Thanks all .. please tell me where to redirect these questions if I am in wrong place.


----------



## xabiaxica

Ziggy99 said:


> This is my first post so I hope I am not inadvertently breaking any forum rules or etiquette. My wife and I would like to rent a two bedroom house or apartment just outside of Malaga by the water for the winter. Some questions are: 1) Do owners rent by the month or do you have to commit to a certain number of months? 2) Is the first month often considered your deposit? 3) What about extras like Internet, electricity and gas and or electricty, local taxes - are they included and if not what percentage of rent do they usually amount to? 4) Is transportation to Malaga easy and regular from villages like Rincon de la Victoria or Churriana? We both want a safe and secure neighbourhood with Internet access and if possible accessible to Malaga without use of a car?
> 
> Thanks all .. please tell me where to redirect these questions if I am in wrong place.


:welcome: I've moved your question to a thread of its own

have a look at the FAQs & lots of useful info......... thread - there are links there to discussions about renting, rental websites etc.

you can often rent month to month - some agents will try to convince you that you have to rent for a fixed time & have to stay or pay - but if it's your home, as opposed to a holiday rental, that isn't the case, although if you are just coming for the winter you would really be taking a holiday let in your case

in a true holiday let the utilities would usually be included & the rent will of course reflect that - but it really depends how long you are staying - everything is negotiable!!

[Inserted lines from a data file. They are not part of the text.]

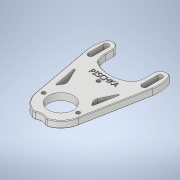
# Autodesk Inventor part: Motor Holder v3
Saved by Autodesk Inventor 2020.1 (Build 241239000, 239)
## iProperties
Created: 2019-03-01
Part Number: Motor Holder v3
Material: ABS Plastic
Document SubType Name: Modeling
Designer: Petar
Density: 1.06 g/cm^3
Appearance: Smooth - White
Mass: 12.2882 g
Surface Area: 69.5635 cm^2
Volume: 11.5927 cm^3
Author: Petar
Autodesk Inventor part; units mm, degrees
ref_plane "YZ Plane" through (0, 0, 0) normal (1, 0, 0) x (0, 1, 0)
ref_plane "XZ Plane" through (0, 0, 0) normal (0, 1, 0) x (-1, 0, 0)
ref_plane "XY Plane" through (0, 0, 0) normal (0, 0, 1) x (1, 0, 0)
sketch "Sketch1" plane through (0, 0, 0) normal (0, 1, 0) x (-1, 0, 0)
  line L0 (0, 0) -> (0, 51.5) construction
  circle A0 centre (0, 51.5) radius 10
  line L1 (16, -6.25) -> (16, 0)
  line L2 (21.5, 19.889372) -> (21.5, -14.110628) construction
  line L3 (-21.5, 18) -> (-21.5, -16) construction
  circle A1 centre (21.5, 3.5) radius 1.75 construction
  circle A2 centre (21.5, -3.5) radius 1.75 construction
  circle A3 centre (-21.5, 3.5) radius 1.75 construction
  circle A4 centre (-21.5, -3.5) radius 1.75 construction
  line L4 (-16, -6.25) -> (-16, 0)
  line L5 (21.5, 6.25) -> (21.5, -6.25) construction
  line L6 (19.45, 6.25) -> (19.45, -6.25)
  line L7 (23.55, -6.25) -> (23.55, 6.25)
  arc A5 (23.55, 6.25) -> (19.45, 6.25) centre (21.5, 6.25) ccw
  arc A6 (19.45, -6.25) -> (23.55, -6.25) centre (21.5, -6.25) ccw
  line L8 (-19.45, 6.25) -> (-19.45, -6.25)
  line L9 (-23.55, -6.25) -> (-23.55, 6.25)
  arc A7 (-19.45, 6.25) -> (-23.55, 6.25) centre (-21.5, 6.25) ccw
  arc A8 (-23.55, -6.25) -> (-19.45, -6.25) centre (-21.5, -6.25) ccw
  arc A9 (14.544724, 41.768556) -> (17.199681, 54.728155) centre (0, 51.5) ccw construction
  arc A10 (16, -6.25) -> (24.816002, -10.637953) centre (21.5, -6.25) ccw
  arc A11 (-24.816002, -10.637953) -> (-16, -6.25) centre (-21.5, -6.25) ccw
  line L10 (17.199681, 54.728155) -> (26.53665, 4.980583)
  line L11 (-17.199681, 54.728155) -> (-26.53665, 4.980583)
  circle A12 centre (0, 51.5) radius 13.75 construction
  circle A13 centre (9.722718, 61.222718) radius 1.5 construction
  circle A14 centre (9.722718, 41.777282) radius 1.5 construction
  line L12 (0, 51.5) -> (9.722718, 61.222718) construction
  line L13 (9.722718, 41.777282) -> (0, 51.5) construction
  circle A15 centre (-9.722718, 61.222718) radius 1.5 construction
  circle A16 centre (-9.722718, 41.777282) radius 1.5 construction
  circle A17 centre (13.75, 51.5) radius 1.5
  line L14 (13.75, 51.5) -> (0, 51.5) construction
  circle A18 centre (-13.75, 51.5) radius 1.5
  circle A19 centre (0, 21.442114) radius 1.5
  line L15 (14.544724, 41.768556) -> (18.735106, 19.442114)
  arc A20 (17.199681, 54.728155) -> (-17.199681, 54.728155) centre (0, 51.5) ccw
  arc A21 (-17.199681, 54.728155) -> (-14.544724, 41.768556) centre (0, 51.5) ccw construction
  line L16 (-14.544724, 41.768556) -> (-18.735106, 19.442114)
  line L17 (5, 68.27051) -> (0, 65.25) construction
  line L18 (0, 65.25) -> (-5, 68.27051) construction
  spline S0 degree 2 poles (5, 68.27051) (0, 65.25) (-5, 68.27051) knots 1 1 1 2 2 2
  line L19 (5, 68.27051) -> (-5, 68.27051) construction
  line L20 (18.735106, 19.442114) -> (-18.735106, 19.442114) construction
  line L21 (18.735106, 19.442114) -> (11.806239, 33.884362)
  line L22 (14.544724, 41.768556) -> (12.108743, 38.127711)
  arc A22 (12.108743, 38.127711) -> (11.806239, 33.884362) centre (15.676028, 35.740946) ccw
  line L23 (-18.735106, 19.442114) -> (-11.806239, 33.884362)
  line L24 (-14.544724, 41.768556) -> (-12.108743, 38.127711)
  arc A23 (-11.806239, 33.884362) -> (-12.108743, 38.127711) centre (-15.676028, 35.740946) ccw
  line L25 (14.298579, 19.442114) -> (8.163141, 32.230571) construction
  line L26 (14.298579, 19.442114) -> (7.49461, 25.938983) construction
  line L27 (8.163141, 32.230571) -> (6.995239, 30.485011) construction
  arc A24 (6.995239, 30.485011) -> (7.49461, 25.938983) centre (9.94862, 28.508992) ccw construction
  line L28 (-14.298579, 19.442114) -> (-8.163141, 32.230571) construction
  line L29 (-14.298579, 19.442114) -> (-7.49461, 25.938983) construction
  line L30 (-8.163141, 32.230571) -> (-6.995239, 30.485011) construction
  arc A25 (-7.49461, 25.938983) -> (-6.995239, 30.485011) centre (-9.94862, 28.508992) ccw construction
  arc A26 (24.816002, -10.637953) -> (27, 0) centre (0, 0) ccw
  arc A27 (-24.816002, -10.637953) -> (24.816002, -10.637953) centre (0, 0) ccw construction
  arc A28 (-10.270866, 24.970168) -> (-26.53665, 4.980583) centre (0, 0) ccw construction
  line L31 (21.5, -11.75) -> (-21.5, -11.75) construction
  line L32 (-21.213203, 69) -> (25, 69) construction
  line L33 (0, 65.25) -> (0, 61.5) construction
  arc A29 (13.760985, 8.163043) -> (-13.760985, 8.163043) centre (0, -11.5) ccw
  line L34 (13.760985, 8.163043) -> (-13.760985, 8.163043) construction
  arc A30 (16, 0) -> (13.760985, 8.163043) centre (0, 0) ccw
  arc A31 (-13.760985, 8.163043) -> (-16, 0) centre (0, 0) ccw
  arc A32 (27, 0) -> (26.53665, 4.980583) centre (0, 0) ccw
  arc A33 (-27, 0) -> (-24.816002, -10.637953) centre (0, 0) ccw
  arc A34 (-26.53665, 4.980583) -> (-27, 0) centre (0, 0) ccw
  arc A35 (26.53665, 4.980583) -> (-12.029232, 24.172248) centre (0, 0) ccw construction
  line L35 (16, 0) -> (-16, 0) construction
  point P0 (21.5, 0)
  point P1 (0, 12.5)
  dimension "d1" = 20
  dimension "d0" = 51.5
  dimension "d3" = 3.5
  dimension "d4" = 3.5
  dimension "d5" = 7
  dimension "d9" = 3.5
  dimension "d11" = 32
  dimension "d15" = 4.1
  dimension "d24" = 3
  dimension "d25" = 3
  dimension "d27" = 45
  dimension "d29" = 3
  dimension "d30" = 3
  dimension "d50" = 10
  dimension "d53" = 27
  dimension "d75" = 80.75
  dimension "d76" = 7.5
  dimension "d77" = 3.75
  dimension "d81" = 6.25
  dimension "d82" = 12.5
  dimension "d85" = 5
  dimension "d86" = 4
  dimension "d98" = 15
  dimension "d99" = 24
  dimension "d102" = 43
  dimension "d103" = 2
  constraints: 70 end point, 59 point on circle, 35 centre point, 26 symmetric about line, 19 tangent, 13 point on line, 7 coincident, 5 horizontal, 5 vertical, 3 parallel, 2 perpendicular, 1 collinear, 1 midpoint, 1 vertical alignment, 16 other
  measures "d0" distance of L0.start L0.end
  measures "d3" diameter of A1
  measures "d4" diameter of A2
  measures "d5" distance of A2.centre A1.centre
  measures "d9" vertical distance of L0.start A1.centre
  measures "d11" distance between parallel lines of L4 L1
  measures "d15" distance between parallel lines of L6 L7
  measures "d24" diameter of A13
  measures "d25" diameter of A14
  measures "d27" angle of L0 L13
  measures "d29" diameter of A17
  measures "d30" diameter of A19
  measures "d50" distance of L17.start L18.end
  measures "d53" radius of A26
  measures "d75" distance between parallel lines of L31 L32
  measures "d81" vertical distance of L5.start point (0, 12.5)
  measures "d82" distance of L5.end L5.start
  measures "d85" distance between parallel lines of L10 L15
  measures "d86" distance between parallel lines of L21 L25
  measures "d98" angle of L15 L21
  measures "d99" radius of A29
  measures "d102" distance of A4.centre A2.centre
  measures "d103" distance from line of A19.centre L20
extrude "Extrusion3" add sketch "Sketch1" along normal blind 5.5 contours L1 A30 A29 A31 L4 A11 A33 A34 L11 A20 S0 L10 A32 A26 A10
thread "Thread1" size "M3x0.5" class "6H" standard "ANSI Metric M Profile" full length
thread "Thread2" size "M3x0.5" class "6H" standard "ANSI Metric M Profile" full length
thread "Thread3" size "M3x0.5" class "6H" standard "ANSI Metric M Profile" full length
sketch "Sketch3" plane through (0, 5.5, 0) normal (0, 1, 0) x (1, 0, 0)
  line L0 (-12.5, -14.442114) -> (12.5, -14.442114) construction
  line L1 (12.5, -14.442114) -> (12.5, -19.442114) construction
  line L2 (12.5, -19.442114) -> (-12.5, -19.442114) construction
  line L3 (-12.5, -19.442114) -> (-12.5, -14.442114) construction
  line L4 (0, 0) -> (0, -51.5) construction
  circle A0 centre (0, -21.442114) radius 1.5
  circle A1 centre (0, -51.5) radius 10 construction
  arc A2 (-24.816002, 10.637953) -> (-26.53665, -4.980583) centre (0, 0) ccw construction
  spline S0 degree 2 poles (-7.943274, -16.147949) (-7.943274, -16.407268) (-8.128039, -16.874043) (-8.293355, -17.036118) knots 0 0 0 1 2 2 2
  spline S1 degree 2 poles (-8.293355, -17.036118) (-8.500811, -17.240332) (-9.061589, -17.451029) (-9.489465, -17.451029) knots 0 0 0 1 2 2 2
  line L5 (-9.489465, -17.451029) -> (-9.940033, -17.451029)
  line L6 (-9.940033, -17.451029) -> (-9.940033, -18.942114)
  line L7 (-9.940033, -18.942114) -> (-10.471637, -18.942114)
  line L8 (-10.471637, -18.942114) -> (-10.471637, -14.942114)
  line L9 (-10.471637, -14.942114) -> (-9.466775, -14.942114)
  spline S2 degree 2 poles (-9.466775, -14.942114) (-9.110211, -14.942114) (-8.611021, -15.058808) (-8.419773, -15.191709) knots 0 0 0 1 2 2 2
  spline S3 degree 2 poles (-8.419773, -15.191709) (-8.19611, -15.344059) (-7.943274, -15.814076) (-7.943274, -16.147949) knots 0 0 0 1 2 2 2
  spline S4 degree 2 poles (-8.497569, -16.164157) (-8.497569, -15.956701) (-8.640195, -15.652001) (-8.786062, -15.554756) knots 0 0 0 1 2 2 2
  spline S5 degree 2 poles (-8.786062, -15.554756) (-8.91248, -15.470477) (-9.249595, -15.402406) (-9.49919, -15.402406) knots 0 0 0 1 2 2 2
  line L10 (-9.49919, -15.402406) -> (-9.940033, -15.402406)
  line L11 (-9.940033, -15.402406) -> (-9.940033, -16.99722)
  line L12 (-9.940033, -16.99722) -> (-9.576986, -16.99722)
  spline S6 degree 2 poles (-9.576986, -16.99722) (-9.252837, -16.99722) (-8.854133, -16.893492) (-8.724474, -16.757349) knots 0 0 0 1 2 2 2
  spline S7 degree 2 poles (-8.724474, -16.757349) (-8.604538, -16.637414) (-8.497569, -16.355405) (-8.497569, -16.164157) knots 0 0 0 1 2 2 2
  line L13 (-6.04376, -18.942114) -> (-7.593193, -18.942114)
  line L14 (-7.593193, -18.942114) -> (-7.593193, -18.533687)
  line L15 (-7.593193, -18.533687) -> (-7.084279, -18.533687)
  line L16 (-7.084279, -18.533687) -> (-7.084279, -15.350542)
  line L17 (-7.084279, -15.350542) -> (-7.593193, -15.350542)
  line L18 (-7.593193, -15.350542) -> (-7.593193, -14.942114)
  line L19 (-7.593193, -14.942114) -> (-6.04376, -14.942114)
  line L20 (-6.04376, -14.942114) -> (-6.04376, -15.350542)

how long are you planning to stay?

for a holiday let they would often want you to pay the entire let upfront - yes, even if it's 3 months

a longer let you will pay a month upfront plus a month deposit - some agents will want 2 months deposit & also a finder's fee!! You will also pay the utilities - often the agent or landlord will just give you a copy of the bill & you pay them


----------



## Ziggy99

Ok thanks for reply and sorry about double post. 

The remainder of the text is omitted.